* Prompt
Nothing but a number is expected: the count of lines in the data below that include "Rectangular".

*** Begin section ***

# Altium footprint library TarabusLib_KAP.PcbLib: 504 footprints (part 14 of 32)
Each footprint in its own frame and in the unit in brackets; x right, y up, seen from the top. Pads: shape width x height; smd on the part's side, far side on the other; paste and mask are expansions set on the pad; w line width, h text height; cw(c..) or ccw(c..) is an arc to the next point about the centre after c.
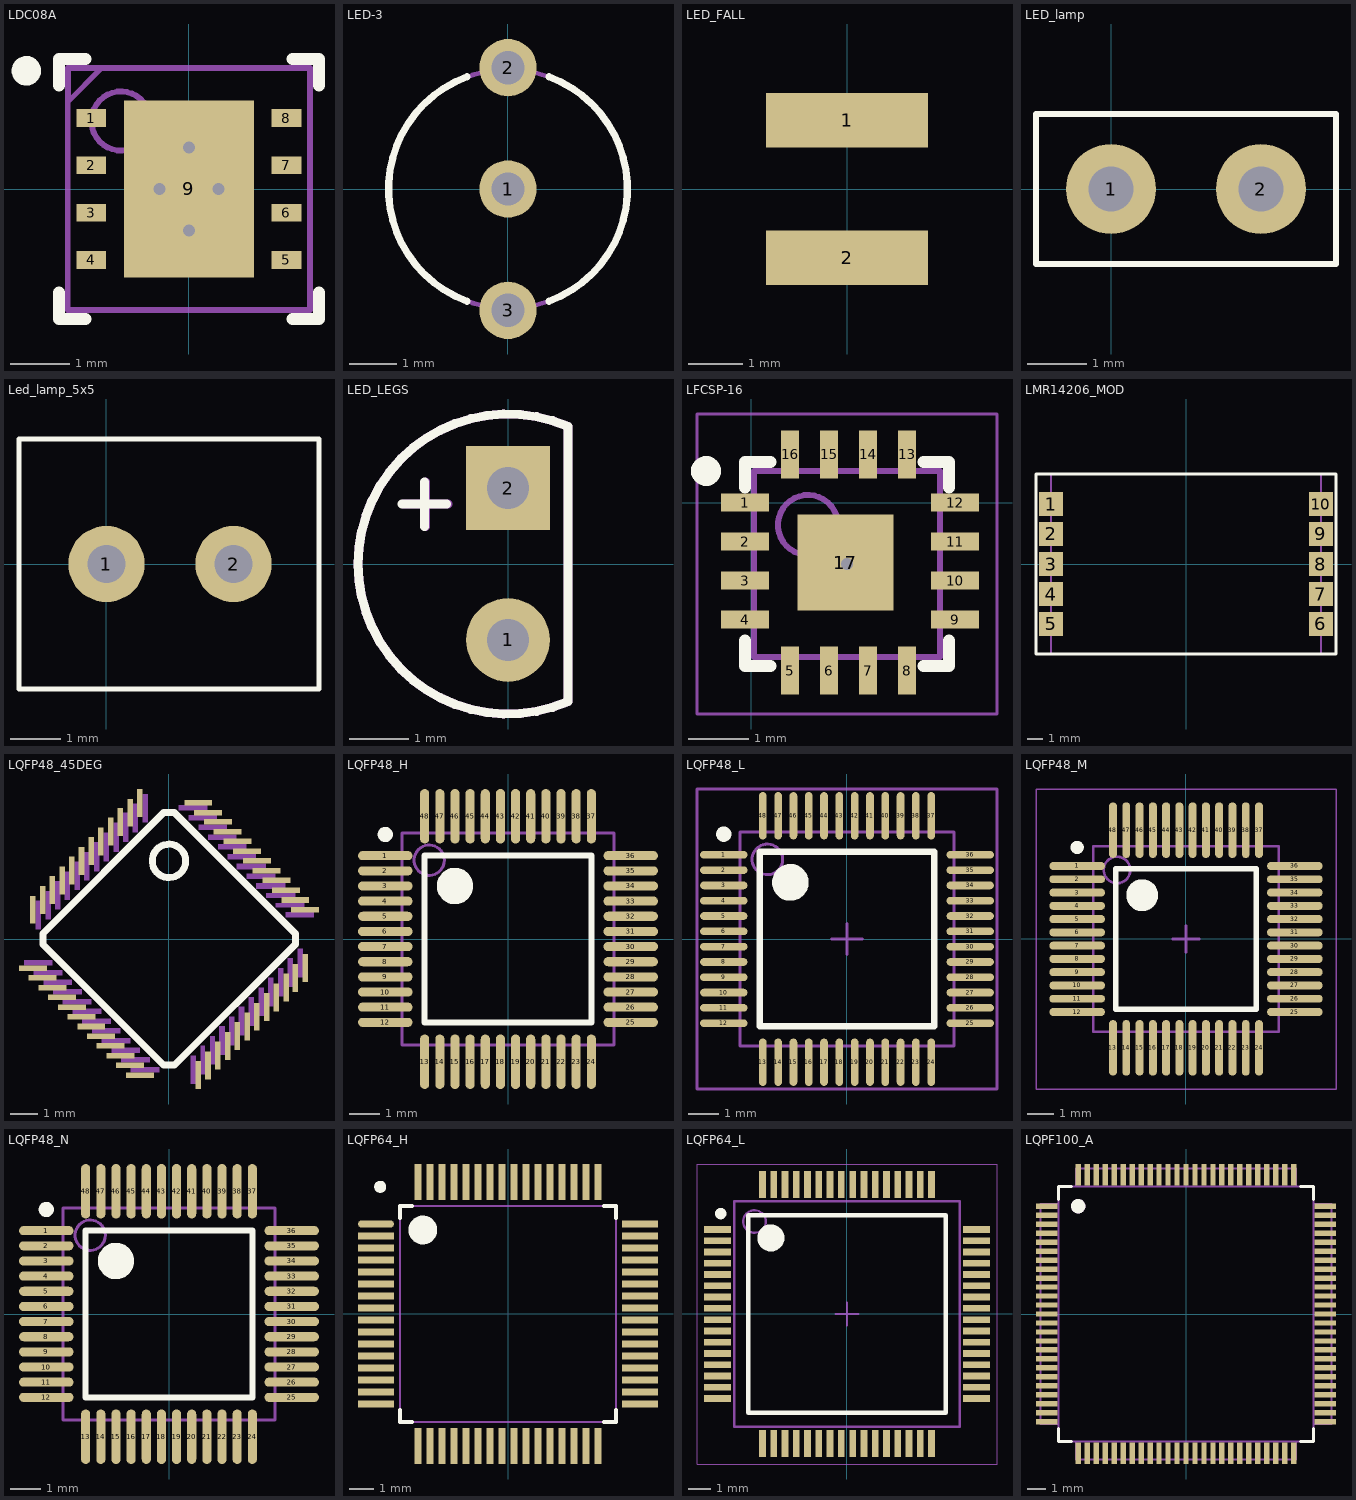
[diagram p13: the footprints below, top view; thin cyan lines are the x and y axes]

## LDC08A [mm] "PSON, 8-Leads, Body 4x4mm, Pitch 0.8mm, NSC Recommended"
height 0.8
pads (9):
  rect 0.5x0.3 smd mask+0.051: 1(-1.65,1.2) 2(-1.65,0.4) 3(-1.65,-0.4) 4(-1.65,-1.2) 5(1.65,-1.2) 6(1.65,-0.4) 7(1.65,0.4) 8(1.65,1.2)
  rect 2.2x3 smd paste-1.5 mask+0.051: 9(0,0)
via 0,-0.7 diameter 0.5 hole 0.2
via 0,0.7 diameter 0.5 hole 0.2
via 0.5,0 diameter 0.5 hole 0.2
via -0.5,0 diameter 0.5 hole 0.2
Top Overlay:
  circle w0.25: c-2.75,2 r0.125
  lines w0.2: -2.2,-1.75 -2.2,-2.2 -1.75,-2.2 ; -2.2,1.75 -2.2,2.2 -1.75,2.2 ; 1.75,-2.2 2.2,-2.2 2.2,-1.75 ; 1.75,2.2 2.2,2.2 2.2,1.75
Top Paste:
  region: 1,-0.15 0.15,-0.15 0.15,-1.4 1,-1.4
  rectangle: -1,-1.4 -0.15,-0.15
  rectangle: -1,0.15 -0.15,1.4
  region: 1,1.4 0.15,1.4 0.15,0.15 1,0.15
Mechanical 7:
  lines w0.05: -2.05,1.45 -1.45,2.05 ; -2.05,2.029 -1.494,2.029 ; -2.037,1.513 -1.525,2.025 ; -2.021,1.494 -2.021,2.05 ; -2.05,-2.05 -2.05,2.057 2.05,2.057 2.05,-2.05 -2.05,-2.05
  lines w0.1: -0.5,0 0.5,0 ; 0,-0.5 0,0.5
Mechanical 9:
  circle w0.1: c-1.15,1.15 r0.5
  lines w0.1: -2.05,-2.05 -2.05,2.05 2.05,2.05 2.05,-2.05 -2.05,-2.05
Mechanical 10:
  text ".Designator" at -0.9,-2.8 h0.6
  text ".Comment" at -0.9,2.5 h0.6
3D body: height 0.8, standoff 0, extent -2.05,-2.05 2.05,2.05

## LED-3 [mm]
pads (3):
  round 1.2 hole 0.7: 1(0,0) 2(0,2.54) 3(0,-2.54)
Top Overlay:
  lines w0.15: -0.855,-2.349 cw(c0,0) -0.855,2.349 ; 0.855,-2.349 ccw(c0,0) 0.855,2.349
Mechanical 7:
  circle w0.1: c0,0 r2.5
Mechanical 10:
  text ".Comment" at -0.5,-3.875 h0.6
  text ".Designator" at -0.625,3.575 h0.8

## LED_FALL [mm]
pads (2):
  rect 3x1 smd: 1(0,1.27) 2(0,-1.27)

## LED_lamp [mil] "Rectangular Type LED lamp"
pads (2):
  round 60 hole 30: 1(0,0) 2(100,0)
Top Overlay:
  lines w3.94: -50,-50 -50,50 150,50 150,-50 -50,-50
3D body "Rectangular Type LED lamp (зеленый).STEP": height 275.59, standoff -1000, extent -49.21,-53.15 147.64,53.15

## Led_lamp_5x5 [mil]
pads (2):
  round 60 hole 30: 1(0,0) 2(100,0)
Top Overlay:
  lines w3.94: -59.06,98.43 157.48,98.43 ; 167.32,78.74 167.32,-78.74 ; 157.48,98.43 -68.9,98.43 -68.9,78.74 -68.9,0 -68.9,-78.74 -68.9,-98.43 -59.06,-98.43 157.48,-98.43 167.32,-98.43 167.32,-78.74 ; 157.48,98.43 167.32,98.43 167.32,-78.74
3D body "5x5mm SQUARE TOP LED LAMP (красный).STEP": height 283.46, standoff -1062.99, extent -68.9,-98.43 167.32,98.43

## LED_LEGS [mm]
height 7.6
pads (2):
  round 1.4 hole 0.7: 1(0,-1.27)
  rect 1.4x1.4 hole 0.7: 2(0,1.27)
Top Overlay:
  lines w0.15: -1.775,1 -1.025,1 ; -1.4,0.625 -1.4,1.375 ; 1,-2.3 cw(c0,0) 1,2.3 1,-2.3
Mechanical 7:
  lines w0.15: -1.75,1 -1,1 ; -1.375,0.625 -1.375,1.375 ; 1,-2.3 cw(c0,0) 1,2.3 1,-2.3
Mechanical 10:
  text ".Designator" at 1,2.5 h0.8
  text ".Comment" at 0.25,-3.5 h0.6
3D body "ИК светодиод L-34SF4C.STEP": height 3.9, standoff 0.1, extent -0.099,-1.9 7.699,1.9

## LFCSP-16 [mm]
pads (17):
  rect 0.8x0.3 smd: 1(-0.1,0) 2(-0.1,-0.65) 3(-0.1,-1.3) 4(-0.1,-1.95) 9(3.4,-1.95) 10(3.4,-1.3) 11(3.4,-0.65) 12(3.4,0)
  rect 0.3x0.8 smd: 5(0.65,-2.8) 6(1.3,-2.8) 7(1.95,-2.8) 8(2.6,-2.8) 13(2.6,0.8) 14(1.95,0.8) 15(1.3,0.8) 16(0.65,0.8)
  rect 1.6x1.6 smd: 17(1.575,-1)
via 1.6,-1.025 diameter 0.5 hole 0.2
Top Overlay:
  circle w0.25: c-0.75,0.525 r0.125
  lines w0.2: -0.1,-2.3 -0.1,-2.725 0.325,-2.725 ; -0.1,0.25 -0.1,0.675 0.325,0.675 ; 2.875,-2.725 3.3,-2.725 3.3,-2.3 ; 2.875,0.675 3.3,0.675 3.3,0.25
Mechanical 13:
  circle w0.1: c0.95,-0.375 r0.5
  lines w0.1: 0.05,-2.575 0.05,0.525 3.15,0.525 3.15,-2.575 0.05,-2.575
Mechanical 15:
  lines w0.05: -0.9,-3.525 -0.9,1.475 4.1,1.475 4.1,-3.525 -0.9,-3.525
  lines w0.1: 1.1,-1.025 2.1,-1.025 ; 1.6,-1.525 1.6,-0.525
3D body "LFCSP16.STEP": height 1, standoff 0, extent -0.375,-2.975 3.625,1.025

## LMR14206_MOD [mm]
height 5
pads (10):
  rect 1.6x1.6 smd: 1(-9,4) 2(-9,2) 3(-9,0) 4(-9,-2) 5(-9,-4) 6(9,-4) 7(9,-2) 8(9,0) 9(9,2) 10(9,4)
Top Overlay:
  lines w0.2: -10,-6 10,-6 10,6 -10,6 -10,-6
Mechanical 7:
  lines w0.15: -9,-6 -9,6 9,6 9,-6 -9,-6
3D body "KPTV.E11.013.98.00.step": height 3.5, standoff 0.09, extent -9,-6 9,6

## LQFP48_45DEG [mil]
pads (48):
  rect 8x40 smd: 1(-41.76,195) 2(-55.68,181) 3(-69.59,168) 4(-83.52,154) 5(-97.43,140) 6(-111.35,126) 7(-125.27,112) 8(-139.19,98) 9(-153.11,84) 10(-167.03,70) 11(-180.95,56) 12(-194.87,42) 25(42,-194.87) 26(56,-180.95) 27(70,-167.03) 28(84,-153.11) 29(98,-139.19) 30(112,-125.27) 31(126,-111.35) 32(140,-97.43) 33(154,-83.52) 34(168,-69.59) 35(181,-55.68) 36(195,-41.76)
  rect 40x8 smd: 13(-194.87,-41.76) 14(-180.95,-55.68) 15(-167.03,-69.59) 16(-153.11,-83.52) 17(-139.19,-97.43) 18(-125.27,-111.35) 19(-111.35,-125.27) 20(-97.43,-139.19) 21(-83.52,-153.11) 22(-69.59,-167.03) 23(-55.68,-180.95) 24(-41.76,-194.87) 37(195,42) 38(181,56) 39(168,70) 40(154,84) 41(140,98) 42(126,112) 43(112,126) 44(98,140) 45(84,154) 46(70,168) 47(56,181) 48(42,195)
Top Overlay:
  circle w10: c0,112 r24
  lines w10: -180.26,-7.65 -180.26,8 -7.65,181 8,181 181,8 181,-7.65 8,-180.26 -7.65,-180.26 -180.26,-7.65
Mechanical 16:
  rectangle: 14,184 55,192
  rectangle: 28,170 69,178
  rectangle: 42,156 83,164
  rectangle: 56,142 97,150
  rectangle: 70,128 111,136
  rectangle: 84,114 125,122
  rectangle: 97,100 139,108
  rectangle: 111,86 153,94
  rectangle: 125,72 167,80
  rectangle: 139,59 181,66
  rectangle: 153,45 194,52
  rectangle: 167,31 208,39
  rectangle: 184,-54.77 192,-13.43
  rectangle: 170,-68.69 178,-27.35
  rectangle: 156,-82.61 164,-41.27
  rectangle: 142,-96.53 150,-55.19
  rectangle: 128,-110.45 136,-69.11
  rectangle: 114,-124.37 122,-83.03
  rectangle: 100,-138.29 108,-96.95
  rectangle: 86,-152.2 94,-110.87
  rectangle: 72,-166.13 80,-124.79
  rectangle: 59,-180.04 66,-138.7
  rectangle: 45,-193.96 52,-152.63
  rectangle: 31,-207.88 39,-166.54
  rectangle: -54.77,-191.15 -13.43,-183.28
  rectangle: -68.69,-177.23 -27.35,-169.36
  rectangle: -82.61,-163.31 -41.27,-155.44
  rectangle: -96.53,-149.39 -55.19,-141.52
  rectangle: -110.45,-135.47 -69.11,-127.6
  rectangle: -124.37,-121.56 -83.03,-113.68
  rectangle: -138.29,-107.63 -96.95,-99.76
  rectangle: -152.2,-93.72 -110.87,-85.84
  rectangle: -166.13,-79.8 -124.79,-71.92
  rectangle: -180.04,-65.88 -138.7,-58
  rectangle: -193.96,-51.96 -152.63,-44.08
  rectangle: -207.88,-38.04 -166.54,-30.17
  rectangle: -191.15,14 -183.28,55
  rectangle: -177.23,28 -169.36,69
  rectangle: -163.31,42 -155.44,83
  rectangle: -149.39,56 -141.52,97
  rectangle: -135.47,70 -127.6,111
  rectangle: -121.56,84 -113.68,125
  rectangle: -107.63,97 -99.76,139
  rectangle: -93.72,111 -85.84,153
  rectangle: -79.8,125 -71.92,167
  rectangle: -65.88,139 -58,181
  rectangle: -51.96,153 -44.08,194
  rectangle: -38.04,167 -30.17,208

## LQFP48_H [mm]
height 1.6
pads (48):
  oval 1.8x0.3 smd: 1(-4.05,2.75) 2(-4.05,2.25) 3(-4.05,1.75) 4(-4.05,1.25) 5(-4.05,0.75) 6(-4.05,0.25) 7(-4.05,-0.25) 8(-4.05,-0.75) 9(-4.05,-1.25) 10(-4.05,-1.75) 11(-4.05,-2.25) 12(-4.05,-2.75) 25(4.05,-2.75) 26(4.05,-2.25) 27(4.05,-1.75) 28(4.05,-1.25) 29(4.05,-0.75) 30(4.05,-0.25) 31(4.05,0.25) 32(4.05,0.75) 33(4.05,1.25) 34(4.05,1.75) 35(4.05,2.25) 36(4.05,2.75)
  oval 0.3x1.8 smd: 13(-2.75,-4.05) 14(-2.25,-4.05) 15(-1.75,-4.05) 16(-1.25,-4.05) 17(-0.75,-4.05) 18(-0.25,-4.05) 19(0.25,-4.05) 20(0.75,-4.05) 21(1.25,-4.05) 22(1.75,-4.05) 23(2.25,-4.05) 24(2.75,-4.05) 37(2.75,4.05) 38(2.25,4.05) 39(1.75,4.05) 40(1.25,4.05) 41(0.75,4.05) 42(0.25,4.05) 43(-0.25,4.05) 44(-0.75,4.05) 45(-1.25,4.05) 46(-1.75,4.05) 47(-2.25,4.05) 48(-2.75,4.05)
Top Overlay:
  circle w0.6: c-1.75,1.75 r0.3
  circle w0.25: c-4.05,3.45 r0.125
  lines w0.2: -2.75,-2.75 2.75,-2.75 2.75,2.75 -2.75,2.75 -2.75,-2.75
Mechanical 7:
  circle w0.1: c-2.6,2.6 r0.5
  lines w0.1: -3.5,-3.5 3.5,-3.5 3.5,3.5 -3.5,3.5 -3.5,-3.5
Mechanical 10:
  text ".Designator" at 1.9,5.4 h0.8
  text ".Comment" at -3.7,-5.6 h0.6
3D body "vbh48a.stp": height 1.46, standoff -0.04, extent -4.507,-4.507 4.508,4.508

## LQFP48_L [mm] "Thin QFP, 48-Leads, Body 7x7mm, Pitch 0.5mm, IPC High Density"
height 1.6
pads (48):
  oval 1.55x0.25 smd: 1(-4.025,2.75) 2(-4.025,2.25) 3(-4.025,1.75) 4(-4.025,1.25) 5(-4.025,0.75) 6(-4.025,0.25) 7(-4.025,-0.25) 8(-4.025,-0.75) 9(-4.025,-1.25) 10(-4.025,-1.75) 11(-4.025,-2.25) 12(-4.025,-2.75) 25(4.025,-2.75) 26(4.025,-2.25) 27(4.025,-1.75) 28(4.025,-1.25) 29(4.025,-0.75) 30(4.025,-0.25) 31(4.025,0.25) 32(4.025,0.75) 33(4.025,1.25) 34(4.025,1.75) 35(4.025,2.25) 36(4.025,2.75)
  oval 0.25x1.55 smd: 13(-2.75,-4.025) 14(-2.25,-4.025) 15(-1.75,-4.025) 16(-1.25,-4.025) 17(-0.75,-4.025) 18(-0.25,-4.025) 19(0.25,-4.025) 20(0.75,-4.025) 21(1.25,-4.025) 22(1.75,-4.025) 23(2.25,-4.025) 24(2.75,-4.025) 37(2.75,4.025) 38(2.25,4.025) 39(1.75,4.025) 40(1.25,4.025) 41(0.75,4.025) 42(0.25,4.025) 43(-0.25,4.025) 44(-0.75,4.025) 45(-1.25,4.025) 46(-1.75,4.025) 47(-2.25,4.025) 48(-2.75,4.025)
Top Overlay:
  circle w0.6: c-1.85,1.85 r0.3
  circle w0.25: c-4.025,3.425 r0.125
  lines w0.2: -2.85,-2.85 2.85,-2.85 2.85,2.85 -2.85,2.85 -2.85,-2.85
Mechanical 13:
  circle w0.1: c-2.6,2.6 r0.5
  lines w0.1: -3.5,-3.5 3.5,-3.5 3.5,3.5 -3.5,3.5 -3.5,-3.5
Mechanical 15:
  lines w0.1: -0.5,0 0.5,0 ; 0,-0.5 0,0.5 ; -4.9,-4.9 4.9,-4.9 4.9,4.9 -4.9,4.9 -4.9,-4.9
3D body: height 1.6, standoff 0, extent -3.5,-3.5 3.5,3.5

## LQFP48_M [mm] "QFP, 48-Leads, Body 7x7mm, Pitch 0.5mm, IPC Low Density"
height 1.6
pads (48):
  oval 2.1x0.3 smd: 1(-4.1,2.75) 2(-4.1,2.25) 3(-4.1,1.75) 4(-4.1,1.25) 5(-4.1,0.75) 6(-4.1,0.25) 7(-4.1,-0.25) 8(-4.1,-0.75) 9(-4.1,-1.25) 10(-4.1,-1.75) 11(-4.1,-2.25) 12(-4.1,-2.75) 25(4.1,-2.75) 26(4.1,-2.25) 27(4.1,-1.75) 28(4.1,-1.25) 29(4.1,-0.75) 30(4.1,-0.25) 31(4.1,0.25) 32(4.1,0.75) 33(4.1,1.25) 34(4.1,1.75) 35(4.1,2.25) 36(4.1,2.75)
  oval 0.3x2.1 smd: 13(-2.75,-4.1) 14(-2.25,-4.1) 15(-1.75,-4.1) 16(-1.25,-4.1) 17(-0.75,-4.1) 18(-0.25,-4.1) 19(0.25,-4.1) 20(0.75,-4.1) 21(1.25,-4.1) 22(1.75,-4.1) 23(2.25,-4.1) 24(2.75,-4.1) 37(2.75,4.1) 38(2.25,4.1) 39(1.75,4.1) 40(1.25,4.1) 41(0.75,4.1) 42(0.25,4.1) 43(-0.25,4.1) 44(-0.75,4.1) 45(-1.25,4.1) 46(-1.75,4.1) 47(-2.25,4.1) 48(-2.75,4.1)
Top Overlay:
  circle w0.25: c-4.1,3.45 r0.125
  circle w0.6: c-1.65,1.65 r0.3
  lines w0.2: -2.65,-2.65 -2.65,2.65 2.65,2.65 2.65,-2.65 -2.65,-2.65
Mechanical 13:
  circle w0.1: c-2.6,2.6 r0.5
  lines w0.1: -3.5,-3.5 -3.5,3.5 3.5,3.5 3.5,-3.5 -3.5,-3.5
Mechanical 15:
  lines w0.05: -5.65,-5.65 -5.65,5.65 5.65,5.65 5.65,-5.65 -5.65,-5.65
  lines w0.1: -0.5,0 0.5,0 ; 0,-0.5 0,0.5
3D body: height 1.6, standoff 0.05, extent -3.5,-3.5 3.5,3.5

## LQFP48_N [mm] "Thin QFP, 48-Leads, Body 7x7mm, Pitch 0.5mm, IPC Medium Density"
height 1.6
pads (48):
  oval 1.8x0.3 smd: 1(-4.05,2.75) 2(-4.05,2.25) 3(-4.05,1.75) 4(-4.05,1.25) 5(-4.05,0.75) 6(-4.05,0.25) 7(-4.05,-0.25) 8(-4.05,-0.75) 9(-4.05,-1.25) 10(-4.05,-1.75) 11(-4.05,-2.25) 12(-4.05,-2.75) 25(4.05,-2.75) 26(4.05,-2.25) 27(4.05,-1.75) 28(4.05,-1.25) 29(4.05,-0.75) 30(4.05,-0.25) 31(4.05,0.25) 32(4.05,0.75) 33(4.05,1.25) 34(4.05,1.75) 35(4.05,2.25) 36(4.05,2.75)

*** End section ***

* Your response
2